Social media such as Facebook and Twitter experience both a growth in numbers and influence in American society. These electronic tools allow us to stay in touch, learn of others lives, and expose ourselves and others to different ideas.

But the phenomenon is not without risk. As Michael Hyatt has written, “we live in a transparent world.” What you say online is not private. Even if a few   read it, they can forwarded in the blink of an eye to thousands.

It’s a mixed bag. Recently, I was following the sad story of a woman missing who was found murdered by her husband. The compassion of people writing on their Facebook page touched me in special ways.

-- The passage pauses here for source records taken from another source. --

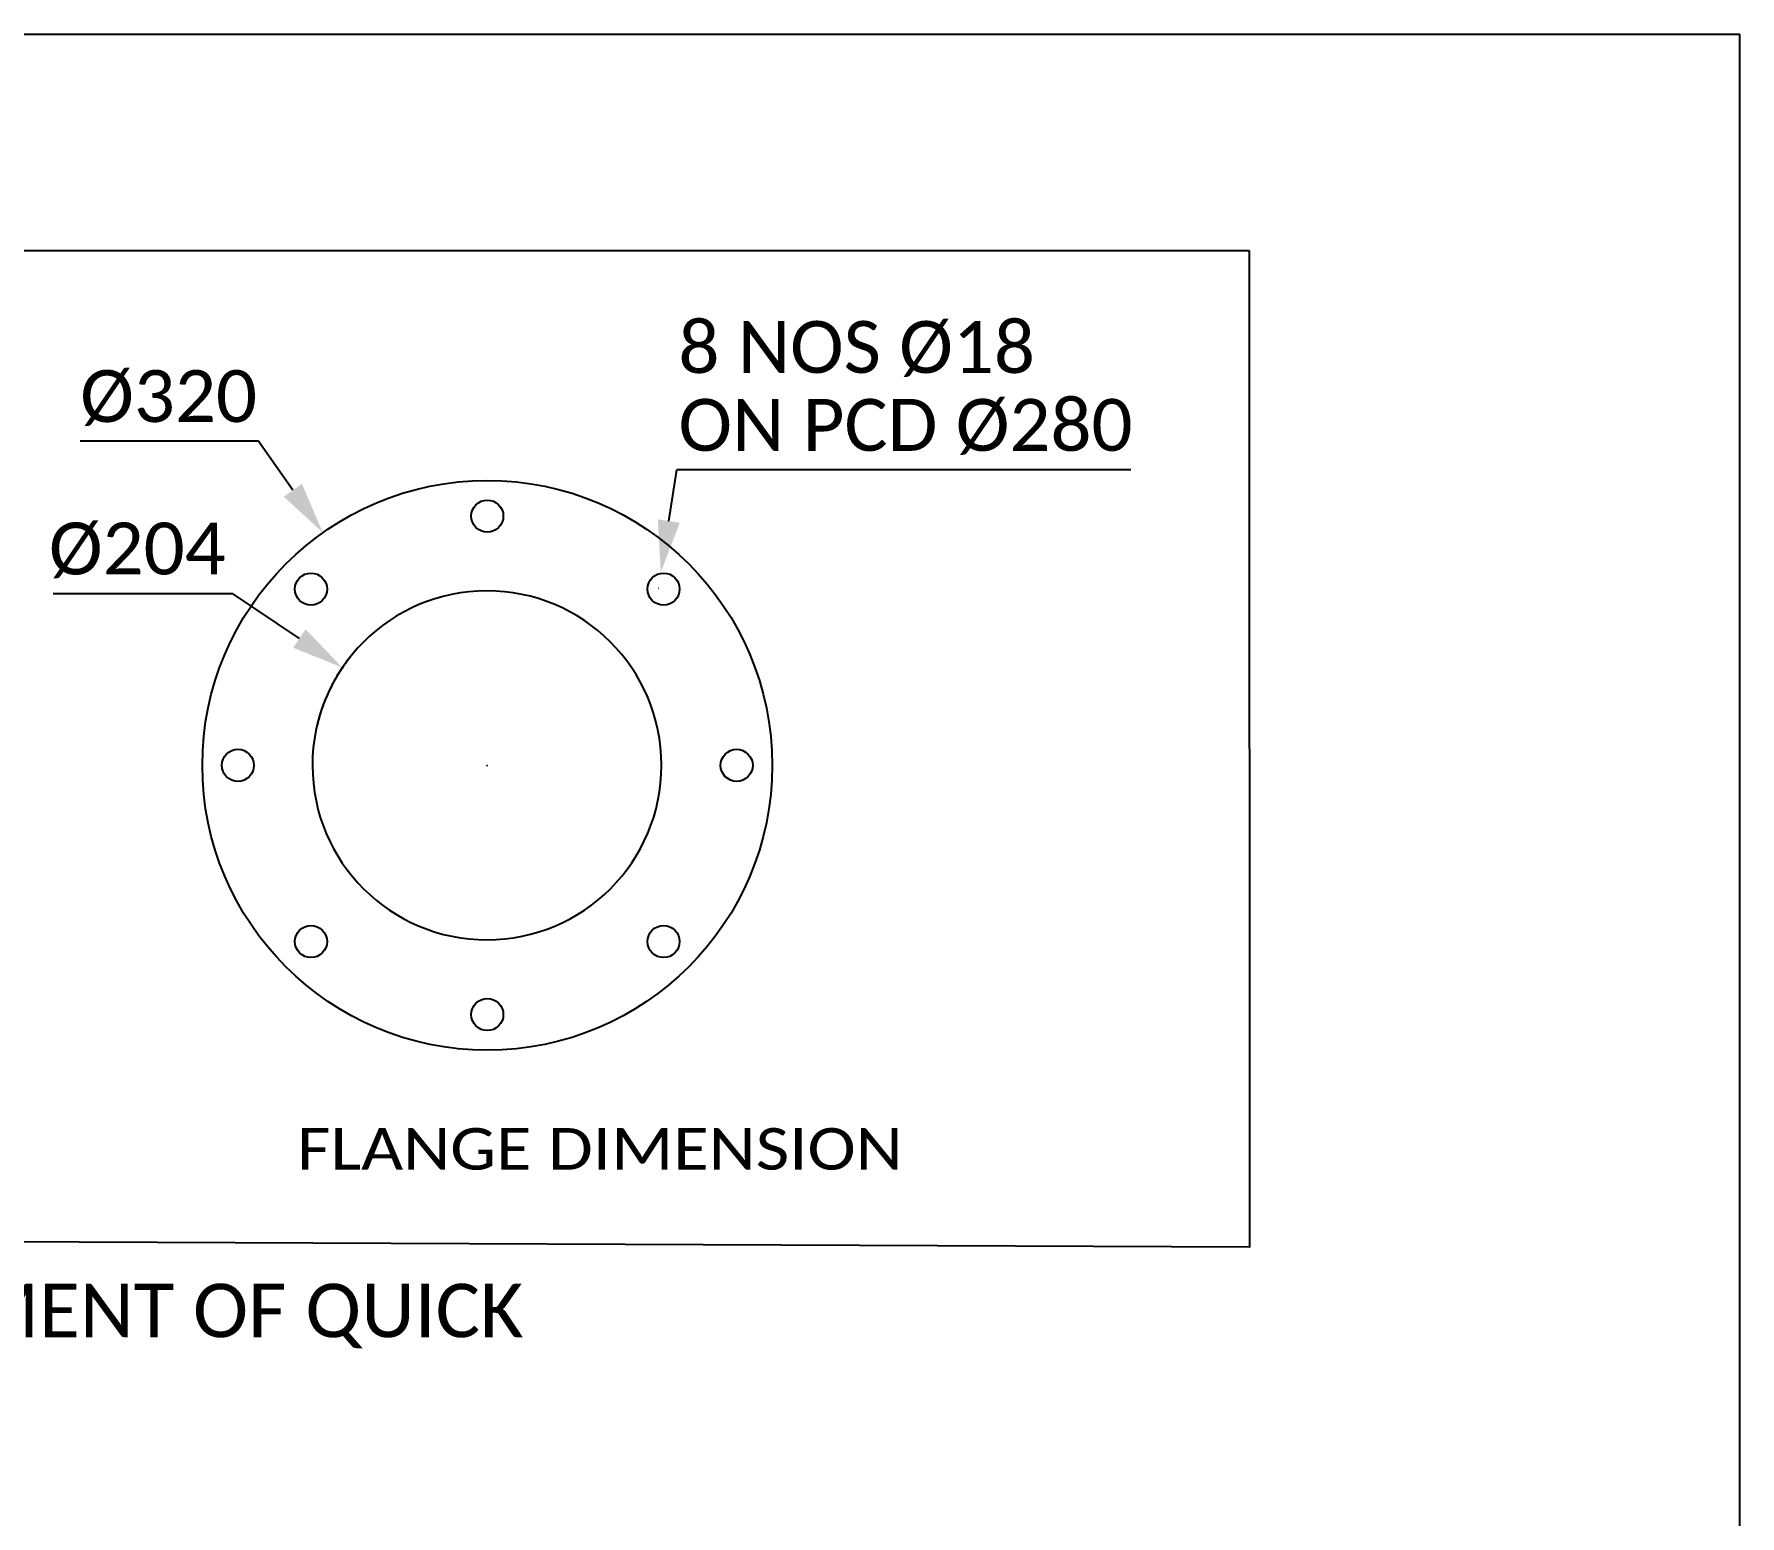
# Model space of a CAD drawing. Header units: millimetres. Extents: x 239 to 3500, y 0 to 2475.
# Drawn here: x 2542 to 3500, y 1643 to 2475 of the extents above; entities that cross this region are included whole.
import ezdxf
from ezdxf.enums import TextEntityAlignment as Align

# ---------------------------------------------------------------- set-up
doc = ezdxf.new("R2010")
doc.units = ezdxf.units.MM
doc.header["$LTSCALE"] = 192.5
doc.header["$PDMODE"] = 3
doc.header["$PDSIZE"] = 8
doc.layers.get('0').update_dxf_attribs({"linetype": 'CONTINUOUS'})
doc.layers.get('Defpoints').update_dxf_attribs({"linetype": 'CONTINUOUS'})
doc.styles.get("Standard").update_dxf_attribs({"font": 'calibri.ttf'})
doc.dimstyles.new('DIMSTYLE_3', dxfattribs={"dimtxt": 29.166667, "dimasz": 29.166667, "dimexe": 1.5, "dimexo": 1, "dimgap": 0.875, "dimtad": 1, "dimdsep": 46, "dimtxsty": 'Standard', "dimblk": '_FILLED', "dimblk1": '_FILLED', "dimblk2": '_FILLED', "dimcen": 0.09, "dimazin": 2, "dimtp": 0.01, "dimtm": 0.01, "dimtfac": 1, "dimtofl": 0, "dimtmove": 0, "dimatfit": 3, "dimldrblk": '_FILLED', "dimfxl": 1, "dimtolj": 1, "dimarcsym": 0})

# ---------------------------------------------------------------- blocks, each defined once
blk = doc.blocks.new('_FILLED')
at = {"color": 0, "linetype": 'ByBlock'}
blk.add_solid([(0, 0), (-1, 0.214), (-1, -0.214)], dxfattribs=at)
blk = doc.blocks.new('*D144')
at = {"color": 0, "linetype": 'Continuous', "lineweight": -2}
for p in [(2568.12, 2246.52), (2687.54, 2218.81)]:
    blk.add_line(p, (2667.96, 2246.52), dxfattribs=at)
at = {"color": 0, "linetype": 'Continuous'}
for p, q in [((2796.61, 2064.32), (2796.79, 2064.32)), ((2796.7, 2064.23), (2796.7, 2064.41))]:
    blk.add_line(p, q, dxfattribs=at)
at = {"layer": 'Defpoints', "color": 0}
for p in [(2704.37, 2194.99), (2889.03, 1933.64)]:
    blk.add_point(p, dxfattribs=at)
at = {"color": 0, "linetype": 'ByBlock', "lineweight": -2, "xscale": 29.1666666667, "yscale": 29.1666666667, "zscale": 29.1666666667, "rotation": 305.2441018791059}
blk.add_blockref('_FILLED', (2704.37, 2194.99), dxfattribs=at)
at = {"color": 0, "insert": (2568.12, 2286.29), "char_height": 29.1667, "attachment_point": 1, "line_spacing_factor": 0.9}
blk.add_mtext('\\A1;%%c{\\A1;320}', dxfattribs=at)
blk = doc.blocks.new('*D145')
at = {"color": 0, "linetype": 'Continuous', "lineweight": -2}
for p in [(2898.63, 2201.53), (3157.94, 2230.34)]:
    blk.add_line(p, (2903.15, 2230.34), dxfattribs=at)
at = {"color": 0, "linetype": 'Continuous'}
for p, q in [((2892.62, 2163.82), (2892.8, 2163.82)), ((2892.71, 2163.73), (2892.71, 2163.91))]:
    blk.add_line(p, q, dxfattribs=at)
at = {"layer": 'Defpoints', "color": 0}
for p in [(2894.1, 2172.71), (2891.31, 2154.93)]:
    blk.add_point(p, dxfattribs=at)
at = {"color": 0, "linetype": 'ByBlock', "lineweight": -2, "xscale": 29.1666666667, "yscale": 29.1666666667, "zscale": 29.1666666667, "rotation": 261.0734067154012}
blk.add_blockref('_FILLED', (2894.1, 2172.71), dxfattribs=at)
at = {"color": 0, "insert": (2904.03, 2313.85), "char_height": 29.1667, "attachment_point": 1, "line_spacing_factor": 0.9}
blk.add_mtext('\\A1;8 NOS %%c18\\P{\\A1;ON PCD %%c280}', dxfattribs=at)
blk = doc.blocks.new('*D146')
at = {"color": 0, "linetype": 'Continuous', "lineweight": -2}
for p in [(2553.03, 2160.91), (2691.18, 2135.56)]:
    blk.add_line(p, (2653.7, 2160.91), dxfattribs=at)
at = {"color": 0, "linetype": 'Continuous'}
for p, q in [((2796.43, 2064.32), (2796.61, 2064.32)), ((2796.52, 2064.23), (2796.52, 2064.41))]:
    blk.add_line(p, q, dxfattribs=at)
at = {"layer": 'Defpoints', "color": 0}
for p in [(2715.34, 2119.22), (2877.7, 2009.41)]:
    blk.add_point(p, dxfattribs=at)
at = {"color": 0, "linetype": 'ByBlock', "lineweight": -2, "xscale": 29.1666666667, "yscale": 29.1666666667, "zscale": 29.1666666667, "rotation": 325.9280445766265}
blk.add_blockref('_FILLED', (2715.34, 2119.22), dxfattribs=at)
at = {"color": 0, "insert": (2649.84, 2200.68), "char_height": 29.167, "attachment_point": 3, "line_spacing_factor": 0.9}
blk.add_mtext('\\A1;%%c204', dxfattribs=at)

msp = doc.modelspace()

# ---------------------------------------------------------------- linework, layer by layer
at = {"linetype": 'Continuous'}
for p in [(238.857, 2475), (3500, 0)]:
    msp.add_line(p, (3500, 2475), dxfattribs=at)
msp.add_line((1778.602, 2353.5), (3224.424, 2353.5))
msp.add_lwpolyline([(3224.424, 2353.5), (3224.611, 1793.648), (1778.602, 1799.923), (1778.602, 2353.5)])
for centre, radius in [((2796.7, 2064.316), 160), ((2796.7, 2204.316), 9), ((2697.705, 2163.311), 9), ((2895.695, 2163.311), 9), ((2656.7, 2064.316), 9), ((2936.7, 2064.316), 9), ((2697.705, 1965.321), 9), ((2895.695, 1965.321), 9), ((2796.7, 1924.316), 9)]:
    msp.add_circle(centre, radius, dxfattribs=at)
for centre, radius, start, end in [((2796.52, 2064.316), 98, 0.1, 0), ((2796.589, 2064.255), 98.091, 134.251621, 141.090385), ((2796.572, 2064.281), 98.062, 141.829321, 148.653933), ((2796.555, 2064.284), 98.047, 141.091593, 141.824996), ((2796.494, 2064.332), 97.969, 154.001069, 155.164212), ((2796.542, 2064.302), 98.025, 148.655678, 153.998023), ((2796.582, 2064.298), 98.064, 159.952521, 166.721449), ((2796.628, 2064.271), 98.116, 155.165173, 159.9472)]:
    msp.add_arc(centre, radius, start, end, dxfattribs=at)

# ---------------------------------------------------------------- texts
at = {"linetype": 'Continuous', "width": 1.111191}
msp.add_text('FLANGE DIMENSION', height=23.33333, dxfattribs=at).set_placement((2689.891, 1837.235), (3029.904, 1837.235), align=Align.FIT)
at = {"insert": (1972.319, 1773.15), "char_height": 30, "width": 1478.20149, "attachment_point": 1}
msp.add_mtext('OPTIONAL KIT FOR REPLACEMENT OF QUICK\\PCONNECTION TO FLANGE', dxfattribs=at)

# ---------------------------------------------------------------- dimensions: what is measured, and where the dimension line sits
at = {"linetype": 'Continuous'}
dim = msp.add_diameter_dim_2p(p1=(2891.309, 2154.931), p2=(2894.102, 2172.713), text='8 NOS %%c18\\P{\\A1;ON PCD %%c280}', dimstyle='DIMSTYLE_3', override={"dimtih": 1, "dimtoh": 1, "dimtxsty": 'Standard'}, dxfattribs=at)
dim.commit()
dim.dimension.update_dxf_attribs({"geometry": '*D145', "text_midpoint": (3030.982, 2272.534)})
for p1, p2, text, picture, middle in [((2889.03, 1933.643), (2704.37, 2194.988), '%%c{\\A1;320}', '*D144', (2616.388, 2246.522)), ((2877.697, 2009.413), (2715.343, 2119.219), '%%c204', '*D146', (2601.431, 2160.913))]:
    dim = msp.add_diameter_dim_2p(p1=p1, p2=p2, text=text, dimstyle='DIMSTYLE_3', override={"dimtih": 1, "dimtoh": 1, "dimtxsty": 'Standard'}, dxfattribs=at)
    dim.commit()
    dim.dimension.update_dxf_attribs({"geometry": picture, "text_midpoint": middle, "dimtype": 163})

doc.saveas('drawing.dxf')

Sadly, many people approach social media with an adolescent attitude. In the physical world, a ticked-off teenager can yell at his parent, go into his room, and slam the door. The problem is confined within the walls of a home where the tension can be discussed and resolved.  Yet, in the cloud environment, the same temper tantrum brings terrible consequences to relationships. As with many things, it’s hard to put the genie back in the bottle.

If you use social media, you are standing in a public place and speaking in a voice loud enough for others to hear. That means you have to use social media responsibly.  What does that include?

Learn new things. On Twitter and Facebook, I follow astronauts, authors, journalists, and web designers. From each I get new insights into areas in which I have little expeience. I am indebted to them from things I learn everyday.

Contribute to the lives of others. Since social media uses “friend” as a key component, remember the meaning does not change just because you use a keyboard. Friendship contributes to the betterment of both in the relationship. Keep up your part.

Be positive, not negative. If you need to talk to someone face-to-face, do it. Don’t use a post or an email as a dodge for difficult conversations. Posts should inform, encourage, and even entertain.

Evaluate your friends and following lists. Just because you clicked on a button doesn’t make someone your friend. If you are not growing from the relationship, stop following. Remember, those on the other side should make the same evaluate of you..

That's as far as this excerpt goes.